Sunday, May 06, 2012

Unfolding from within

I seem to be the only Grinch on campus who tells a participant who is concerned about his health that he should be grateful for the years of life and health that he has enjoyed and accept the aging process of the physical body.

This isn’t a lament. Rather one of many self-observations that seem to be coming to me lately.

Maybe I can be forgiven for saying that to a 49yr old, but what about a 12yr old?
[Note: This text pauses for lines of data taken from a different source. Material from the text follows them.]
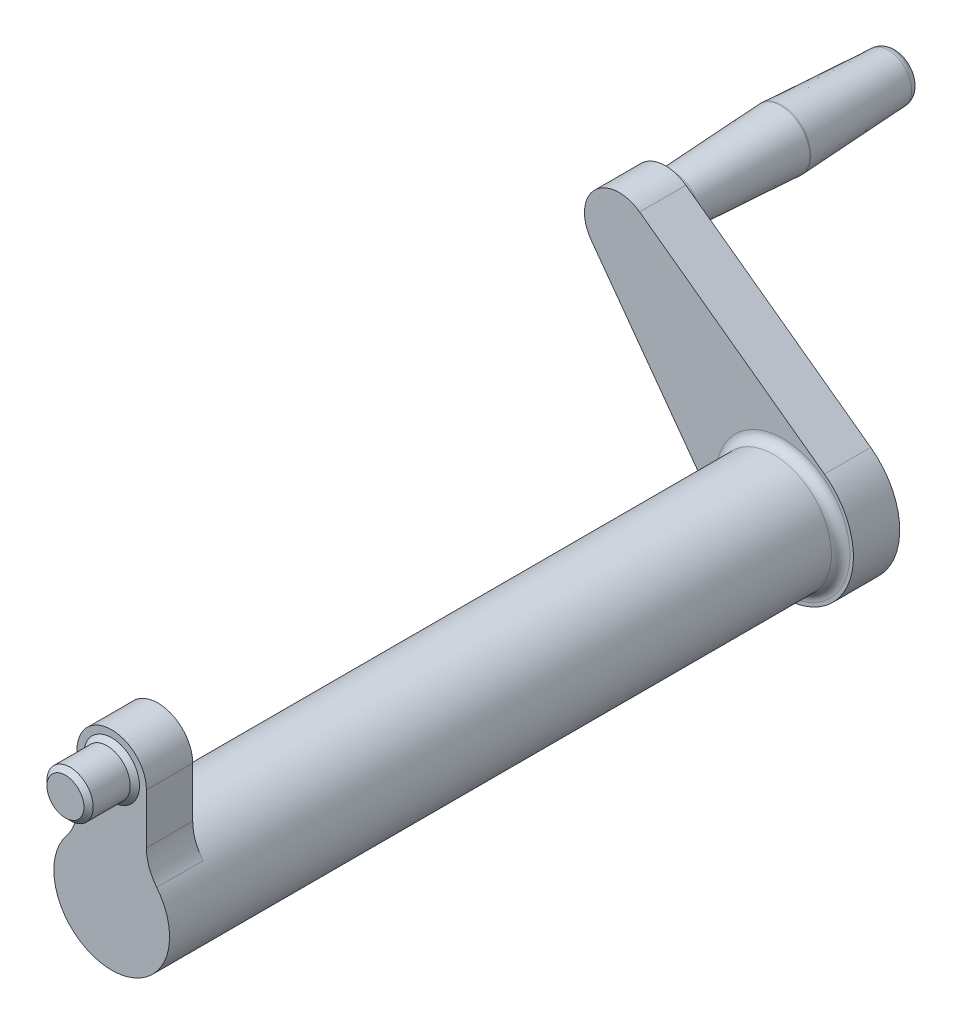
ISO-10303-21;
HEADER;
FILE_DESCRIPTION(('STEP AP214'),'2;1');
FILE_NAME('part.step','',(''),(''),'','','');
FILE_SCHEMA(('AUTOMOTIVE_DESIGN { 1 0 10303 214 1 1 1 1 }'));
ENDSEC;
DATA;
#1=APPLICATION_CONTEXT('core data for automotive mechanical design processes');
#2=APPLICATION_PROTOCOL_DEFINITION('international standard','automotive_design',2000,#1);
#3=PRODUCT_CONTEXT('',#1,'mechanical');
#4=PRODUCT('Part','Part','',(#3));
#5=PRODUCT_RELATED_PRODUCT_CATEGORY('part','',(#4));
#6=PRODUCT_DEFINITION_FORMATION('','',#4);
#7=PRODUCT_DEFINITION_CONTEXT('part definition',#1,'design');
#8=PRODUCT_DEFINITION('design','',#6,#7);
#9=PRODUCT_DEFINITION_SHAPE('','',#8);
#10=(LENGTH_UNIT() NAMED_UNIT(*) SI_UNIT(.MILLI.,.METRE.));
#11=(NAMED_UNIT(*) PLANE_ANGLE_UNIT() SI_UNIT($,.RADIAN.));
#12=(NAMED_UNIT(*) SI_UNIT($,.STERADIAN.) SOLID_ANGLE_UNIT());
#13=UNCERTAINTY_MEASURE_WITH_UNIT(LENGTH_MEASURE(1.E-05),#10,'distance_accuracy_value','');
#14=(GEOMETRIC_REPRESENTATION_CONTEXT(3) GLOBAL_UNCERTAINTY_ASSIGNED_CONTEXT((#13)) GLOBAL_UNIT_ASSIGNED_CONTEXT((#10,
#11,#12)) REPRESENTATION_CONTEXT('',''));
#15=CARTESIAN_POINT('',(0.,0.,0.));
#16=DIRECTION('',(0.,0.,1.));
#17=DIRECTION('',(1.,0.,0.));
#18=AXIS2_PLACEMENT_3D('',#15,#16,#17);
#19=CARTESIAN_POINT('',(0.,0.,145.));
#20=DIRECTION('',(0.,0.,-1.));
#21=DIRECTION('',(-1.,0.,0.));
#22=AXIS2_PLACEMENT_3D('',#19,#20,#21);
#23=CYLINDRICAL_SURFACE('',#22,12.5);
#24=CARTESIAN_POINT('',(0.,0.,12.));
#25=DIRECTION('',(0.,0.,-1.));
#26=DIRECTION('',(-1.,0.,0.));
#27=AXIS2_PLACEMENT_3D('',#24,#25,#26);
#28=CIRCLE('',#27,12.5);
#29=CARTESIAN_POINT('',(-12.5,0.,12.));
#30=VERTEX_POINT('',#29);
#31=EDGE_CURVE('E213',#30,#30,#28,.F.);
#32=ORIENTED_EDGE('',*,*,#31,.T.);
#33=EDGE_LOOP('',(#32));
#34=FACE_BOUND('',#33,.T.);
#35=CARTESIAN_POINT('',(0.,0.,155.));
#36=DIRECTION('',(0.,0.,1.));
#37=DIRECTION('',(1.,0.,0.));
#38=AXIS2_PLACEMENT_3D('',#35,#36,#37);
#39=CIRCLE('',#38,12.5);
#40=CARTESIAN_POINT('',(-9.72222222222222,7.85674201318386,155.));
#41=VERTEX_POINT('',#40);
#42=CARTESIAN_POINT('',(9.72222222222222,7.85674201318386,155.));
#43=VERTEX_POINT('',#42);
#44=EDGE_CURVE('E160',#41,#43,#39,.T.);
#45=ORIENTED_EDGE('',*,*,#44,.F.);
#46=DIRECTION('',(0.,0.,-1.));
#47=VECTOR('',#46,1.);
#48=CARTESIAN_POINT('',(-9.72222222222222,7.85674201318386,145.));
#49=LINE('',#48,#47);
#50=CARTESIAN_POINT('',(-9.72222222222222,7.85674201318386,145.));
#51=VERTEX_POINT('',#50);
#52=EDGE_CURVE('E197',#41,#51,#49,.T.);
#53=ORIENTED_EDGE('',*,*,#52,.T.);
#54=CARTESIAN_POINT('',(0.,0.,145.));
#55=DIRECTION('',(0.,0.,1.));
#56=DIRECTION('',(1.,0.,0.));
#57=AXIS2_PLACEMENT_3D('',#54,#55,#56);
#58=CIRCLE('',#57,12.5);
#59=CARTESIAN_POINT('',(9.72222222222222,7.85674201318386,145.));
#60=VERTEX_POINT('',#59);
#61=EDGE_CURVE('E181',#60,#51,#58,.T.);
#62=ORIENTED_EDGE('',*,*,#61,.F.);
#63=DIRECTION('',(0.,0.,-1.));
#64=VECTOR('',#63,1.);
#65=CARTESIAN_POINT('',(9.72222222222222,7.85674201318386,145.));
#66=LINE('',#65,#64);
#67=EDGE_CURVE('E195',#60,#43,#66,.F.);
#68=ORIENTED_EDGE('',*,*,#67,.T.);
#69=EDGE_LOOP('',(#45,#53,#62,#68));
#70=FACE_BOUND('',#69,.T.);
#71=ADVANCED_FACE('F37',(#34,#70),#23,.T.);
#72=CARTESIAN_POINT('',(0.,0.,145.));
#73=DIRECTION('',(0.,0.,1.));
#74=DIRECTION('',(1.,0.,0.));
#75=AXIS2_PLACEMENT_3D('',#72,#73,#74);
#76=PLANE('',#75);
#77=DIRECTION('',(0.,1.,0.));
#78=VECTOR('',#77,1.);
#79=CARTESIAN_POINT('',(7.5,25.,145.));
#80=LINE('',#79,#78);
#81=CARTESIAN_POINT('',(7.5,14.142135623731,145.));
#82=VERTEX_POINT('',#81);
#83=CARTESIAN_POINT('',(7.5,25.,145.));
#84=VERTEX_POINT('',#83);
#85=EDGE_CURVE('E156',#82,#84,#80,.T.);
#86=ORIENTED_EDGE('',*,*,#85,.F.);
#87=CARTESIAN_POINT('',(17.5,14.142135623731,145.));
#88=DIRECTION('',(0.,0.,1.));
#89=DIRECTION('',(1.,0.,0.));
#90=AXIS2_PLACEMENT_3D('',#87,#88,#89);
#91=CIRCLE('',#90,10.);
#92=EDGE_CURVE('E60',#82,#60,#91,.T.);
#93=ORIENTED_EDGE('',*,*,#92,.T.);
#94=ORIENTED_EDGE('',*,*,#61,.T.);
#95=CARTESIAN_POINT('',(-17.5,14.142135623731,145.));
#96=DIRECTION('',(0.,0.,1.));
#97=DIRECTION('',(1.,0.,0.));
#98=AXIS2_PLACEMENT_3D('',#95,#96,#97);
#99=CIRCLE('',#98,10.);
#100=CARTESIAN_POINT('',(-7.5,14.142135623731,145.));
#101=VERTEX_POINT('',#100);
#102=EDGE_CURVE('E204',#51,#101,#99,.T.);
#103=ORIENTED_EDGE('',*,*,#102,.T.);
#104=DIRECTION('',(0.,-1.,0.));
#105=VECTOR('',#104,1.);
#106=CARTESIAN_POINT('',(-7.5,25.,145.));
#107=LINE('',#106,#105);
#108=CARTESIAN_POINT('',(-7.5,25.,145.));
#109=VERTEX_POINT('',#108);
#110=EDGE_CURVE('E163',#109,#101,#107,.T.);
#111=ORIENTED_EDGE('',*,*,#110,.F.);
#112=CARTESIAN_POINT('',(0.,25.,145.));
#113=DIRECTION('',(0.,0.,1.));
#114=DIRECTION('',(1.,0.,0.));
#115=AXIS2_PLACEMENT_3D('',#112,#113,#114);
#116=CIRCLE('',#115,7.5);
#117=EDGE_CURVE('E172',#84,#109,#116,.T.);
#118=ORIENTED_EDGE('',*,*,#117,.F.);
#119=EDGE_LOOP('',(#86,#93,#94,#103,#111,#118));
#120=FACE_BOUND('',#119,.T.);
#121=ADVANCED_FACE('F253',(#120),#76,.F.);
#122=CARTESIAN_POINT('',(7.5,25.,155.));
#123=DIRECTION('',(-1.,0.,0.));
#124=DIRECTION('',(0.,-1.,0.));
#125=AXIS2_PLACEMENT_3D('',#122,#123,#124);
#126=PLANE('',#125);
#127=DIRECTION('',(0.,1.,0.));
#128=VECTOR('',#127,1.);
#129=CARTESIAN_POINT('',(7.5,25.,155.));
#130=LINE('',#129,#128);
#131=CARTESIAN_POINT('',(7.5,14.142135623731,155.));
#132=VERTEX_POINT('',#131);
#133=CARTESIAN_POINT('',(7.5,25.,155.));
#134=VERTEX_POINT('',#133);
#135=EDGE_CURVE('E162',#132,#134,#130,.T.);
#136=ORIENTED_EDGE('',*,*,#135,.F.);
#137=DIRECTION('',(0.,0.,1.));
#138=VECTOR('',#137,1.);
#139=CARTESIAN_POINT('',(7.5,14.142135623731,145.));
#140=LINE('',#139,#138);
#141=EDGE_CURVE('E202',#132,#82,#140,.F.);
#142=ORIENTED_EDGE('',*,*,#141,.T.);
#143=ORIENTED_EDGE('',*,*,#85,.T.);
#144=DIRECTION('',(0.,0.,-1.));
#145=VECTOR('',#144,1.);
#146=CARTESIAN_POINT('',(7.5,25.,155.));
#147=LINE('',#146,#145);
#148=EDGE_CURVE('E178',#134,#84,#147,.T.);
#149=ORIENTED_EDGE('',*,*,#148,.F.);
#150=EDGE_LOOP('',(#136,#142,#143,#149));
#151=FACE_BOUND('',#150,.T.);
#152=ADVANCED_FACE('F259',(#151),#126,.F.);
#153=CARTESIAN_POINT('',(0.,25.,155.));
#154=DIRECTION('',(0.,0.,-1.));
#155=DIRECTION('',(-1.,0.,0.));
#156=AXIS2_PLACEMENT_3D('',#153,#154,#155);
#157=CYLINDRICAL_SURFACE('',#156,7.5);
#158=ORIENTED_EDGE('',*,*,#117,.T.);
#159=DIRECTION('',(0.,0.,-1.));
#160=VECTOR('',#159,1.);
#161=CARTESIAN_POINT('',(-7.5,25.,155.));
#162=LINE('',#161,#160);
#163=CARTESIAN_POINT('',(-7.5,25.,155.));
#164=VERTEX_POINT('',#163);
#165=EDGE_CURVE('E170',#164,#109,#162,.T.);
#166=ORIENTED_EDGE('',*,*,#165,.F.);
#167=CARTESIAN_POINT('',(0.,25.,155.));
#168=DIRECTION('',(0.,0.,1.));
#169=DIRECTION('',(1.,0.,0.));
#170=AXIS2_PLACEMENT_3D('',#167,#168,#169);
#171=CIRCLE('',#170,7.5);
#172=EDGE_CURVE('E165',#134,#164,#171,.T.);
#173=ORIENTED_EDGE('',*,*,#172,.F.);
#174=ORIENTED_EDGE('',*,*,#148,.T.);
#175=EDGE_LOOP('',(#158,#166,#173,#174));
#176=FACE_BOUND('',#175,.T.);
#177=ADVANCED_FACE('F451',(#176),#157,.T.);
#178=CARTESIAN_POINT('',(-7.5,25.,155.));
#179=DIRECTION('',(1.,0.,0.));
#180=DIRECTION('',(0.,1.,0.));
#181=AXIS2_PLACEMENT_3D('',#178,#179,#180);
#182=PLANE('',#181);
#183=ORIENTED_EDGE('',*,*,#110,.T.);
#184=DIRECTION('',(0.,0.,1.));
#185=VECTOR('',#184,1.);
#186=CARTESIAN_POINT('',(-7.5,14.142135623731,155.));
#187=LINE('',#186,#185);
#188=CARTESIAN_POINT('',(-7.5,14.142135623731,155.));
#189=VERTEX_POINT('',#188);
#190=EDGE_CURVE('E200',#101,#189,#187,.T.);
#191=ORIENTED_EDGE('',*,*,#190,.T.);
#192=DIRECTION('',(0.,-1.,0.));
#193=VECTOR('',#192,1.);
#194=CARTESIAN_POINT('',(-7.5,25.,155.));
#195=LINE('',#194,#193);
#196=EDGE_CURVE('E167',#164,#189,#195,.T.);
#197=ORIENTED_EDGE('',*,*,#196,.F.);
#198=ORIENTED_EDGE('',*,*,#165,.T.);
#199=EDGE_LOOP('',(#183,#191,#197,#198));
#200=FACE_BOUND('',#199,.T.);
#201=ADVANCED_FACE('F442',(#200),#182,.F.);
#202=CARTESIAN_POINT('',(0.,0.,155.));
#203=DIRECTION('',(0.,0.,1.));
#204=DIRECTION('',(1.,0.,0.));
#205=AXIS2_PLACEMENT_3D('',#202,#203,#204);
#206=PLANE('',#205);
#207=CARTESIAN_POINT('',(0.,25.,155.));
#208=DIRECTION('',(0.,0.,1.));
#209=DIRECTION('',(1.,0.,0.));
#210=AXIS2_PLACEMENT_3D('',#207,#208,#209);
#211=CIRCLE('',#210,6.00000000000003);
#212=CARTESIAN_POINT('',(6.00000000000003,25.,155.));
#213=VERTEX_POINT('',#212);
#214=EDGE_CURVE('E192',#213,#213,#211,.F.);
#215=ORIENTED_EDGE('',*,*,#214,.T.);
#216=EDGE_LOOP('',(#215));
#217=FACE_BOUND('',#216,.T.);
#218=ORIENTED_EDGE('',*,*,#196,.T.);
#219=CARTESIAN_POINT('',(-17.5,14.142135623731,155.));
#220=DIRECTION('',(0.,0.,1.));
#221=DIRECTION('',(1.,0.,0.));
#222=AXIS2_PLACEMENT_3D('',#219,#220,#221);
#223=CIRCLE('',#222,10.);
#224=EDGE_CURVE('E206',#189,#41,#223,.F.);
#225=ORIENTED_EDGE('',*,*,#224,.T.);
#226=ORIENTED_EDGE('',*,*,#44,.T.);
#227=CARTESIAN_POINT('',(17.5,14.142135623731,155.));
#228=DIRECTION('',(0.,0.,1.));
#229=DIRECTION('',(1.,0.,0.));
#230=AXIS2_PLACEMENT_3D('',#227,#228,#229);
#231=CIRCLE('',#230,10.);
#232=EDGE_CURVE('E52',#43,#132,#231,.F.);
#233=ORIENTED_EDGE('',*,*,#232,.T.);
#234=ORIENTED_EDGE('',*,*,#135,.T.);
#235=ORIENTED_EDGE('',*,*,#172,.T.);
#236=EDGE_LOOP('',(#218,#225,#226,#233,#234,#235));
#237=FACE_BOUND('',#236,.T.);
#238=ADVANCED_FACE('F433',(#217,#237),#206,.T.);
#239=CARTESIAN_POINT('',(0.,25.,165.));
#240=DIRECTION('',(0.,0.,-1.));
#241=DIRECTION('',(-1.,0.,0.));
#242=AXIS2_PLACEMENT_3D('',#239,#240,#241);
#243=CYLINDRICAL_SURFACE('',#242,5.);
#244=CARTESIAN_POINT('',(0.,25.,164.));
#245=DIRECTION('',(0.,0.,1.));
#246=DIRECTION('',(1.,0.,0.));
#247=AXIS2_PLACEMENT_3D('',#244,#245,#246);
#248=CIRCLE('',#247,5.);
#249=CARTESIAN_POINT('',(5.,25.,164.));
#250=VERTEX_POINT('',#249);
#251=EDGE_CURVE('E189',#250,#250,#248,.F.);
#252=ORIENTED_EDGE('',*,*,#251,.T.);
#253=EDGE_LOOP('',(#252));
#254=FACE_BOUND('',#253,.T.);
#255=CARTESIAN_POINT('',(0.,25.,156.));
#256=DIRECTION('',(0.,0.,1.));
#257=DIRECTION('',(1.,0.,0.));
#258=AXIS2_PLACEMENT_3D('',#255,#256,#257);
#259=CIRCLE('',#258,5.);
#260=CARTESIAN_POINT('',(5.,25.,156.));
#261=VERTEX_POINT('',#260);
#262=EDGE_CURVE('E186',#261,#261,#259,.T.);
#263=ORIENTED_EDGE('',*,*,#262,.T.);
#264=EDGE_LOOP('',(#263));
#265=FACE_BOUND('',#264,.T.);
#266=ADVANCED_FACE('F424',(#254,#265),#243,.T.);
#267=CARTESIAN_POINT('',(0.,25.,165.));
#268=DIRECTION('',(0.,0.,1.));
#269=DIRECTION('',(1.,0.,0.));
#270=AXIS2_PLACEMENT_3D('',#267,#268,#269);
#271=PLANE('',#270);
#272=CARTESIAN_POINT('',(0.,25.,165.));
#273=DIRECTION('',(0.,0.,1.));
#274=DIRECTION('',(1.,0.,0.));
#275=AXIS2_PLACEMENT_3D('',#272,#273,#274);
#276=CIRCLE('',#275,3.99999999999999);
#277=CARTESIAN_POINT('',(3.99999999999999,25.,165.));
#278=VERTEX_POINT('',#277);
#279=EDGE_CURVE('E183',#278,#278,#276,.T.);
#280=ORIENTED_EDGE('',*,*,#279,.T.);
#281=EDGE_LOOP('',(#280));
#282=FACE_BOUND('',#281,.T.);
#283=ADVANCED_FACE('F275',(#282),#271,.T.);
#284=CARTESIAN_POINT('',(0.,25.,165.));
#285=DIRECTION('',(0.,0.,-1.));
#286=DIRECTION('',(-1.,0.,0.));
#287=AXIS2_PLACEMENT_3D('',#284,#285,#286);
#288=CONICAL_SURFACE('',#287,3.99999999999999,0.78539816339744);
#289=ORIENTED_EDGE('',*,*,#251,.F.);
#290=EDGE_LOOP('',(#289));
#291=FACE_BOUND('',#290,.T.);
#292=ORIENTED_EDGE('',*,*,#279,.F.);
#293=EDGE_LOOP('',(#292));
#294=FACE_BOUND('',#293,.T.);
#295=ADVANCED_FACE('F268',(#291,#294),#288,.T.);
#296=CARTESIAN_POINT('',(0.,25.,156.));
#297=DIRECTION('',(0.,0.,-1.));
#298=DIRECTION('',(-1.,0.,0.));
#299=AXIS2_PLACEMENT_3D('',#296,#297,#298);
#300=CONICAL_SURFACE('',#299,5.,0.78539816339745);
#301=ORIENTED_EDGE('',*,*,#214,.F.);
#302=EDGE_LOOP('',(#301));
#303=FACE_BOUND('',#302,.T.);
#304=ORIENTED_EDGE('',*,*,#262,.F.);
#305=EDGE_LOOP('',(#304));
#306=FACE_BOUND('',#305,.T.);
#307=ADVANCED_FACE('F274',(#303,#306),#300,.T.);
#308=CARTESIAN_POINT('',(-17.5,14.142135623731,145.));
#309=DIRECTION('',(0.,0.,-1.));
#310=DIRECTION('',(-1.,0.,0.));
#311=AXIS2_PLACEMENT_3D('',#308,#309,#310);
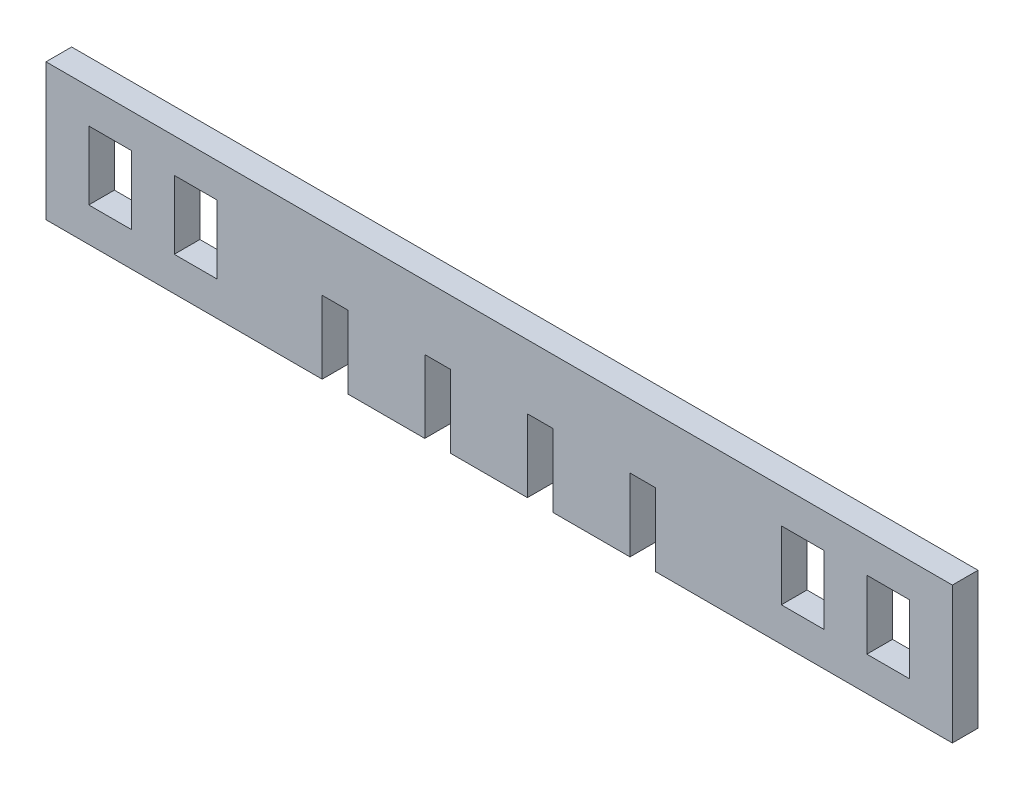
from build123d import *

# Parameters (mm, degrees)
SKETCH1_W           = 5
SKETCH1_H           = 8
BOSS_EXTRUDE1_DEPTH = 3


with BuildPart() as part:
    # Sketch1 → Boss-Extrude1 (new body)
    with BuildSketch(Plane.XY):
        Polygon((-53, -8), (-20.7, -8), (-20.7, 0.5), (-17.7, 0.5), (-17.7, -8), (-8.7, -8), (-8.7, 0.5), (-5.7, 0.5), (-5.7, -8), (3.3, -8), (3.3, 0.5), (6.3, 0.5), (6.3, -8), (15.3, -8), (15.3, 0.5), (18.3, 0.5), (18.3, -8), (53, -8), (53, 8), (-53, 8), align=None)
        with Locations((45.5, 0)):
            Rectangle(SKETCH1_W, SKETCH1_H, mode=Mode.SUBTRACT)
        with Locations((-45.5, 0)):
            Rectangle(SKETCH1_W, SKETCH1_H, mode=Mode.SUBTRACT)
        with Locations((-35.5, 0)):
            Rectangle(SKETCH1_W, SKETCH1_H, mode=Mode.SUBTRACT)
        with Locations((35.5, 0)):
            Rectangle(SKETCH1_W, SKETCH1_H, mode=Mode.SUBTRACT)
    extrude(amount=BOSS_EXTRUDE1_DEPTH)


solid = part.part

Aren’t I supposed to tell him he will be cured of his juvenile diabetes that he contracted overnight after being medically treated for what seemed like an innocuous bout of viral flu? But I think the poor chap is as carelessly stressed as a boy that age could be about a disease he doesn’t understand. The least I can do is indulge him when he proudly tells me about the middle-eastern country he visited with his family. He makes a generalization about a particular sect of people which would have earned a scathing retort from me if it had come from someone slightly older than him. He has enough restrictions as it is without me telling him what and how he should think.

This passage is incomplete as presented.